- Problem requirements:
Starting at the top of the records below and ending with the line that contains "circle A0 centre (0, 0) radius 7.5", print each line exactly as written, skipping the pictures.
Start of Dataset excerpts
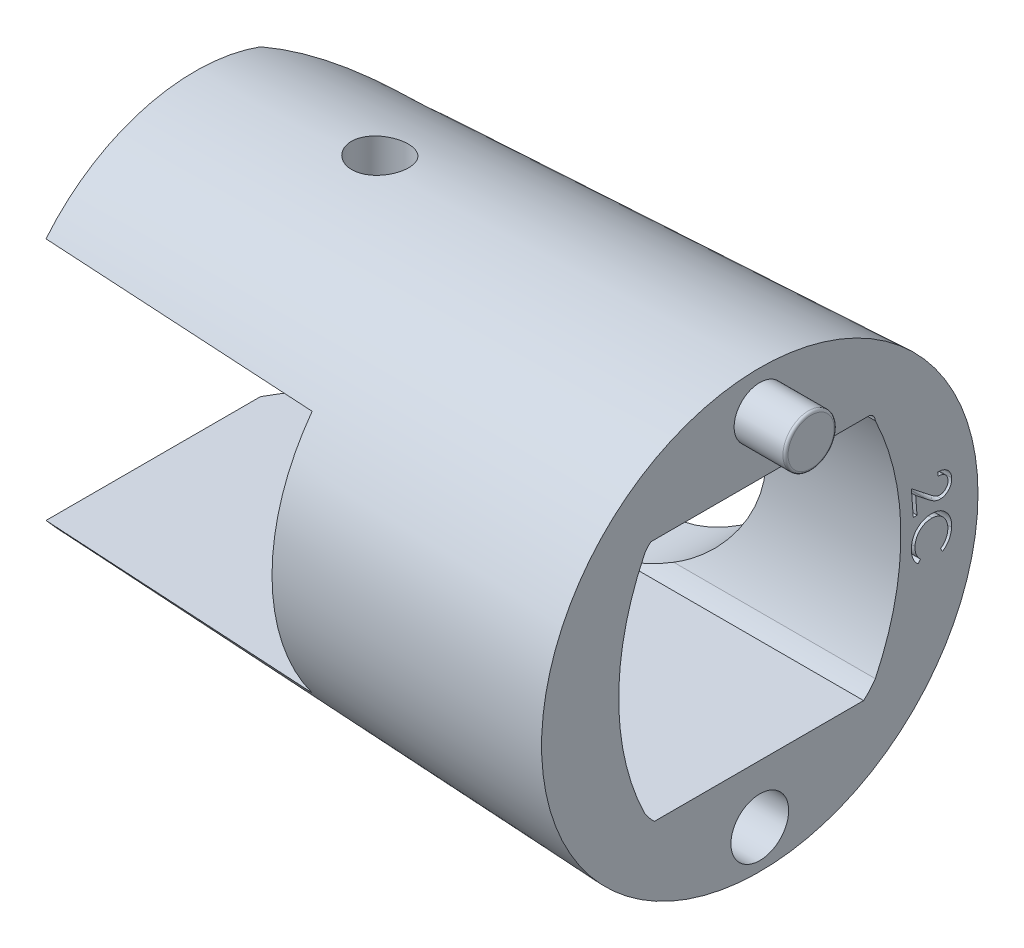
SolidWorks part; units mm, degrees
ref_plane "Front Plane" through (0, 0, 0) normal (0, 0, 1) x (1, 0, 0)
ref_plane "Top Plane" through (0, 0, 0) normal (0, 1, 0) x (1, 0, 0)
ref_plane "Right Plane" through (0, 0, 0) normal (1, 0, 0) x (0, 0, -1)
sketch "Sketch1" plane through (0, 0, 0) normal (0, 1, 0) x (1, 0, 0)
  line L0 (0, 0) -> (-22, 0)
  dimension "D1" = 22
ref_plane "Plane1" through (-22, 0, 0) normal (1, 0, 0) x (0, 0, -1)
sketch "Sketch2" plane through (-22, 0, 0) normal (1, 0, 0) x (0, 0, -1)
  circle A0 centre (0, 0) radius 7.5
  dimension "D1" = 15
sketch "Sketch3" plane through (0, 0, 0) normal (1, 0, 0) x (0, 0, -1)
  circle A0 centre (0, 0) radius 8.5
  dimension "D1" = 17
loft "Loft1" add profiles "Sketch2", "Sketch3" connector at (-22, 0, -7.5) connector at (0, 0, -8.5)
sketch "Sketch4" plane through (0, 0, 0) normal (0, 0, 1) x (1, 0, 0)
  line L0 (0, 0) -> (-10, 0) construction
  line L1 (-26.5378, 4.75) -> (-11, 4.75)
  line L2 (-26.5378, 4.75) -> (-26.5378, -4.75)
  line L3 (-26.5378, -4.75) -> (-11, -4.75)
  line L4 (-11, 4.75) -> (-11, -4.75)
  line L5 (0, 0) -> (-22, 0) construction
  line L6 (0, -8.5) -> (0, 8.5) construction
  point P12 (-11, 0)
  dimension "D1" = 10
  dimension "D2" = 11
  dimension "D3" = 9.5
  dimension "D4" = 15.5378
extrude "Cut-Extrude1" cut sketch "Sketch4" against normal blind 10 and the other way blind 10
sketch "Sketch5" plane through (0, 0, 0) normal (0, 1, 0) x (1, 0, 0)
  line L1 (-11, -6.7777) -> (-23.0023, -6.0429)
  line L2 (-23.0023, -6.0429) -> (-23.0231, -1.4883)
  line L3 (-11, 6.9546) -> (-14.8219, 6.8903)
  line L4 (-11, 8.5741) -> (-11, -8.5015)
  line L7 (-26, -8.5015) -> (-11, -8.5015)
  line L8 (0, 0) -> (-4.8047, 0) construction
  line L9 (0, 8.5) -> (-11, 8.5741) construction
  line L10 (0, -8.5) -> (-11, -8.5015) construction
  line L11 (-26, 8.5015) -> (-11, 8.5015)
  line L12 (-26, 8.5015) -> (-26, -8.5015)
  arc A0 (-14.8219, 6.8903) -> (-23.0231, -1.4883) centre (-14.6815, -1.4502) ccw
  dimension "D4" = 8.3417
  dimension "D11" = 3.8219
  dimension "D1" = 86.496
  dimension "D2" = 89.035
  dimension "D3" = 93.765
  dimension "D5" = 12.0231
  dimension "D6" = 4.5546
  dimension "D7" = 15
  dimension "D8" = 11
  dimension "D9" = 12.0023
  dimension "D10" = 17.003
  dimension "D12" = 1.7238
extrude "Cut-Extrude2" cut sketch "Sketch5" against normal blind 10 and the other way blind 10 contours A0 L3 L7 L1 L2 region at (-11.2267, 0, 7.6396)
sketch "Sketch6" plane through (0, 0, 0) normal (0, 1, 0) x (1, 0, 0)
  line L0 (-11, -8) -> (-15.3, -8) construction
  line L1 (-15.3, 0.5) -> (-15.3, -8) construction
  circle A0 centre (-15.3, 0.5) radius 1.05
  dimension "D1" = 2.1
  dimension "D2" = 4.3
  dimension "D3" = 8.5
extrude "Cut-Extrude3" cut sketch "Sketch6" against normal through all both and the other way through all
sketch "Sketch7" plane through (0, 0, 0) normal (1, 0, 0) x (0, 0, -1)
  line L2 (0, 25.5) -> (0, -8.5) construction
  line L5 (-8.5, 0) -> (8.5, 0) construction
  line L6 (4.3126, 4.2776) -> (4.3126, -4.2776)
  line L7 (-4.3126, 4.2776) -> (-4.3126, -4.2776)
  arc A2 (4.3126, 4.2776) -> (-4.3126, 4.2776) centre (0, -5.2323) ccw
  circle A4 centre (0, 0) radius 8.5 construction
  arc A5 (4.3126, -4.2776) -> (-4.3126, -4.2776) centre (0, 5.2323) cw
  point P11 (-4.3126, 0)
  point P13 (0, 8.5)
  point P16 (0, 0)
  point P17 (4.3126, 0)
  dimension "D3" = 10.4421
  dimension "D1" = 4.2776
  dimension "D2" = 4.3126
sketch "Sketch8" plane through (0, 0, 0) normal (1, 0, 0) x (0, 0, -1)
  line L2 (-4.5, 4.439) -> (4.5, 4.461)
  line L3 (-4.5, -4.261) -> (4.5, -4.239)
  line L4 (-8.5, 0) -> (8.5, 0) construction
  line L5 (0, -8.5) -> (0, 8.7) construction
  line L6 (0, 8.7) -> (0, 5.4132) construction
  line L7 (-4.5, 4.439) -> (-4.5, -4.261) construction
  line L8 (4.5, 4.461) -> (4.5, -4.239) construction
  arc A2 (-4.5, 4.439) -> (-4.5, -4.261) centre (4.5043, 0.089) ccw
  arc A3 (4.5, 4.461) -> (4.5, -4.239) centre (-4.5043, 0.111) cw
  dimension "D1" = 10
  dimension "D7" = 8.5
  dimension "D9" = 4
  dimension "D2" = 9
  dimension "D3" = 4.5
  dimension "D4" = 8.7
  dimension "D5" = 8.7
  dimension "D6" = 4.25
  dimension "D8" = 4.25
  dimension "D10" = 4
extrude "Cut-Extrude4" cut sketch "Sketch8" against normal blind 12 and the other way through all
sketch "Croquis1" plane through (0, 0, 0) normal (1, 0, 0) x (0, 0, -1)
  line L0 (0, 8.5) -> (0, -8.5) construction
  line L2 (-8.5, 0) -> (8.5, 0) construction
  line L3 (9.4094, 0) -> (-9.4094, 0) construction
  circle A0 centre (0, 0) radius 8.5 construction
  circle A1 centre (0, -7) radius 1.125
  circle A2 centre (0, 7) radius 1
  point P4 (0, 0)
  point P13 (0, 0)
  dimension "D2" = 2.25
  dimension "D4" = 2
  dimension "D1" = 1.5
  dimension "D3" = 1.5
extrude "Saliente-Extruir1" add sketch "Croquis1" along normal blind 2 contours A2
extrude "Cortar-Extruir1" cut sketch "Croquis1<4>" against normal blind 2.15 contours A1
sketch "Croquis1<4>" plane through (0, 0, 0) normal (1, 0, 0) x (0, 0, -1) same geometry as "Croquis1"
fillet "Redondeo1" radius 0.1 1 edges at (2, 7, -1)
ref_plane "Plano1" through (0, 0, -8) normal (0, 0, 1) x (1, 0, 0)
sketch "Croquis2" plane through (0, 0, -8) normal (0, 0, 1) x (1, 0, 0)
  line L0 (-11, 4.75) -> (-11, -4.75)
  line L1 (-11, 4.75) -> (-10, 4.75)
  line L2 (-10, -4.75) -> (-11, -4.75)
  arc A0 (-10, 4.75) -> (-10, -4.75) centre (-10, 0) cw
  point P0 (-9.2775, 3.6345)
  point P1 (-8.2353, -5.1333)
  point P2 (-11, 4.75)
  point P3 (-11, -4.75)
  dimension "D1" = 1
extrude "Cortar-Extruir2" cut sketch "Croquis2" along normal mid plane 10
sketch "Croquis8" plane through (-11, 0, 0) normal (-1, 0, 0) x (0, 0, 1)
  line L0 (5.8041, 4.75) -> (-2.5526, 4.75) construction
  line L1 (-6.0137, 4.75) -> (-2.5526, 4.75) construction
  line L2 (-3, 4.4574) -> (4.5, 4.439) construction
  line L3 (-3, 4.75) -> (-3, 4.4574) construction
  line L4 (4.2309, 4.75) -> (-2.5526, 4.75)
  line L5 (-3, 4.75) -> (-2.5526, 4.75)
  line L6 (-3, 4.4574) -> (4.5, 4.439)
  line L7 (-3, 4.75) -> (-3, 4.4574)
  line L8 (6.4372, 4.75) -> (-3, 4.75) construction
  arc A0 (4.5, 4.439) -> (4.2309, 4.75) centre (3.8402, 4.14) ccw
  dimension "D2" = 6.7835
  dimension "D1" = 0.7244
extrude "Cortar-Extruir9" cut sketch "Croquis8" against normal mid plane 40
sketch "Croquis9" plane through (-11, 0, 0) normal (-1, 0, 0) x (0, 0, 1)
  line L0 (6.4372, -4.75) -> (-3, -4.75) construction
  line L1 (-3, -4.2427) -> (-3, -4.75) construction
  line L2 (4.5, -4.261) -> (-3, -4.2427) construction
  line L3 (4.1093, -4.75) -> (-3, -4.75)
  line L4 (-3, -4.2427) -> (-3, -4.75)
  line L5 (4.5, -4.261) -> (-3, -4.2427)
  arc A0 (4.5, -4.261) -> (4.1093, -4.75) centre (2.2668, -2.8774) cw
  dimension "D1" = 7.1093
  dimension "D2" = 2.6271
extrude "Cortar-Extruir10" cut sketch "Croquis9" against normal mid plane 40
sketch "Croquis10" plane through (-22, 0, 0) normal (-1, 0, 0) x (0, 0, 1)
  line L0 (-2.5526, -4.75) -> (-6.0137, -4.75) construction
  line L1 (-3, -4.2427) -> (-4.5, -4.239) construction
  line L2 (-3, -4.75) -> (-3, -4.2427) construction
  line L3 (-3, -4.75) -> (-4.0445, -4.75)
  line L4 (-3, -4.2427) -> (-4.5, -4.239)
  line L5 (-3, -4.75) -> (-3, -4.2427)
  line L6 (-3, -4.75) -> (-6.4936, -4.75) construction
  arc A0 (-4.5, -4.239) -> (-4.0445, -4.75) centre (-2.2631, -2.7036) ccw
  dimension "D2" = 2.7132
  dimension "D1" = 1.0445
extrude "Cortar-Extruir11" cut sketch "Croquis10" against normal mid plane 52
sketch "Croquis11" plane through (-22, 0, 0) normal (-1, 0, 0) x (0, 0, 1)
  line L0 (-3, 4.4574) -> (-3, 4.75) construction
  line L1 (-3, 4.4574) -> (-3, 4.75)
  line L6 (-3, 4.75) -> (-6.4936, 4.75) construction
  line L7 (-4.5, 4.461) -> (-3, 4.4574) construction
  line L8 (-3, 4.75) -> (-4.2831, 4.75)
  line L9 (-4.5, 4.461) -> (-3, 4.4574)
  line L10 (-6.0137, 4.75) -> (-2.5526, 4.75) construction
  arc A0 (-4.5, 4.461) -> (-4.2831, 4.75) centre (-4.1897, 4.4541) cw
  dimension "D2" = 0.3103
extrude "Cortar-Extruir12" cut sketch "Croquis11" against normal mid plane 65
sketch "Croquis12" plane through (0, 0, 0) normal (1, 0, 0) x (0, 0, -1)
  arc A2 (4.9502, -4.4565) -> (4.9502, 4.6785) centre (-4.5043, 0.111) ccw
  arc A3 (4.9502, -4.4565) -> (4.9502, 4.6785) centre (-4.5043, 0.111) ccw construction
  text T0 "2C" font "Century Gothic" height 1.5
  dimension "D1" = 0.5
extrude "Cortar-Extruir13" cut sketch "Croquis12" against normal blind 2
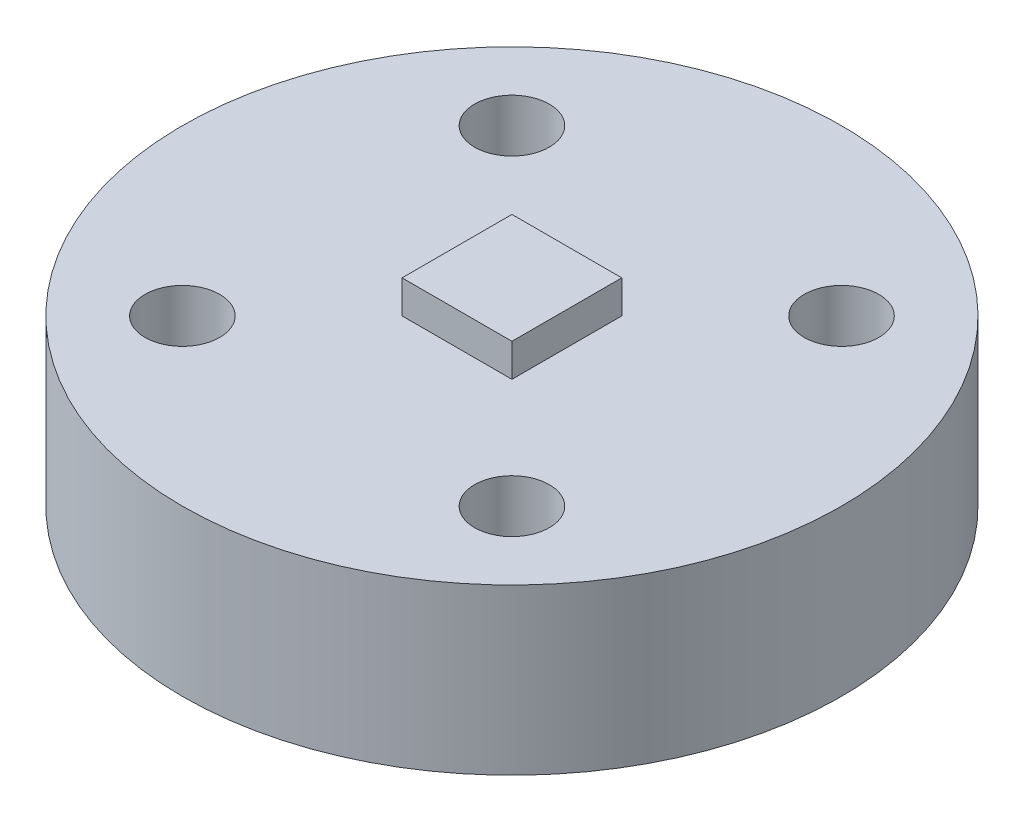
SolidWorks part; units mm, degrees
ref_plane "Front Plane" through (0, 0, 0) normal (0, 0, 1) x (1, 0, 0)
ref_plane "Top Plane" through (0, 0, 0) normal (0, 1, 0) x (1, 0, 0)
ref_plane "Right Plane" through (0, 0, 0) normal (1, 0, 0) x (0, 0, -1)
sketch "Sketch1" plane through (0, 0, 0) normal (0, 1, 0) x (1, 0, 0)
  circle A0 centre (0, 0) radius 30
  dimension "D1" = 60
extrude "Boss-Extrude1" add sketch "Sketch1" along normal blind 15
sketch "Sketch2" plane through (0, 15, 0) normal (0, 1, 0) x (1, 0, 0)
  line L1 (-5, -5) -> (5, -5)
  line L2 (-5, -5) -> (-5, 5)
  line L3 (-5, 5) -> (5, 5)
  line L4 (5, -5) -> (5, 5)
  line L5 (-5, -5) -> (5, 5) construction
  line L6 (-5, 5) -> (5, -5) construction
  point P0 (0, 0)
  dimension "D1" = 10
  dimension "D2" = 10
extrude "Boss-Extrude2" add sketch "Sketch2" along normal blind 3
sketch "Sketch3" plane through (0, 0, 0) normal (0, -1, 0) x (1, 0, 0)
  line L1 (5, 5) -> (-5, 5)
  line L2 (5, 5) -> (5, -5)
  line L3 (5, -5) -> (-5, -5)
  line L4 (-5, 5) -> (-5, -5)
  line L5 (5, 5) -> (-5, -5) construction
  line L6 (5, -5) -> (-5, 5) construction
  point P0 (0, 0)
  dimension "D1" = 10
  dimension "D2" = 10
extrude "Cut-Extrude1" cut sketch "Sketch3" against normal blind 3
sketch "Sketch6" plane through (0, 15, 0) normal (0, 1, 0) x (1, 0, 0)
  line L1 (15, 15) -> (-15, 15)
  line L2 (15, 15) -> (15, -15)
  line L3 (15, -15) -> (-15, -15)
  line L4 (-15, 15) -> (-15, -15)
  line L5 (15, 15) -> (-15, -15) construction
  line L6 (15, -15) -> (-15, 15) construction
  circle A0 centre (-15, -15) radius 3.4
  circle A1 centre (15, -15) radius 3.4
  circle A2 centre (15, 15) radius 3.4
  circle A3 centre (-15, 15) radius 3.4
  point P0 (0, 0)
  dimension "D3" = 6.8
  dimension "D4" = 6.8
  dimension "D5" = 6.8
  dimension "D6" = 6.8
  dimension "D1" = 30
  dimension "D2" = 30
extrude "Cut-Extrude3" cut sketch "Sketch6" against normal blind 10 contours A0 | A3 | A2 | A1
End of Dataset excerpts
- Task result:
SolidWorks part; units mm, degrees
ref_plane "Front Plane" through (0, 0, 0) normal (0, 0, 1) x (1, 0, 0)
ref_plane "Top Plane" through (0, 0, 0) normal (0, 1, 0) x (1, 0, 0)
ref_plane "Right Plane" through (0, 0, 0) normal (1, 0, 0) x (0, 0, -1)
sketch "Sketch1" plane through (0, 0, 0) normal (0, 1, 0) x (1, 0, 0)
  line L0 (0, 0) -> (-22, 0)
  dimension "D1" = 22
ref_plane "Plane1" through (-22, 0, 0) normal (1, 0, 0) x (0, 0, -1)
sketch "Sketch2" plane through (-22, 0, 0) normal (1, 0, 0) x (0, 0, -1)
  circle A0 centre (0, 0) radius 7.5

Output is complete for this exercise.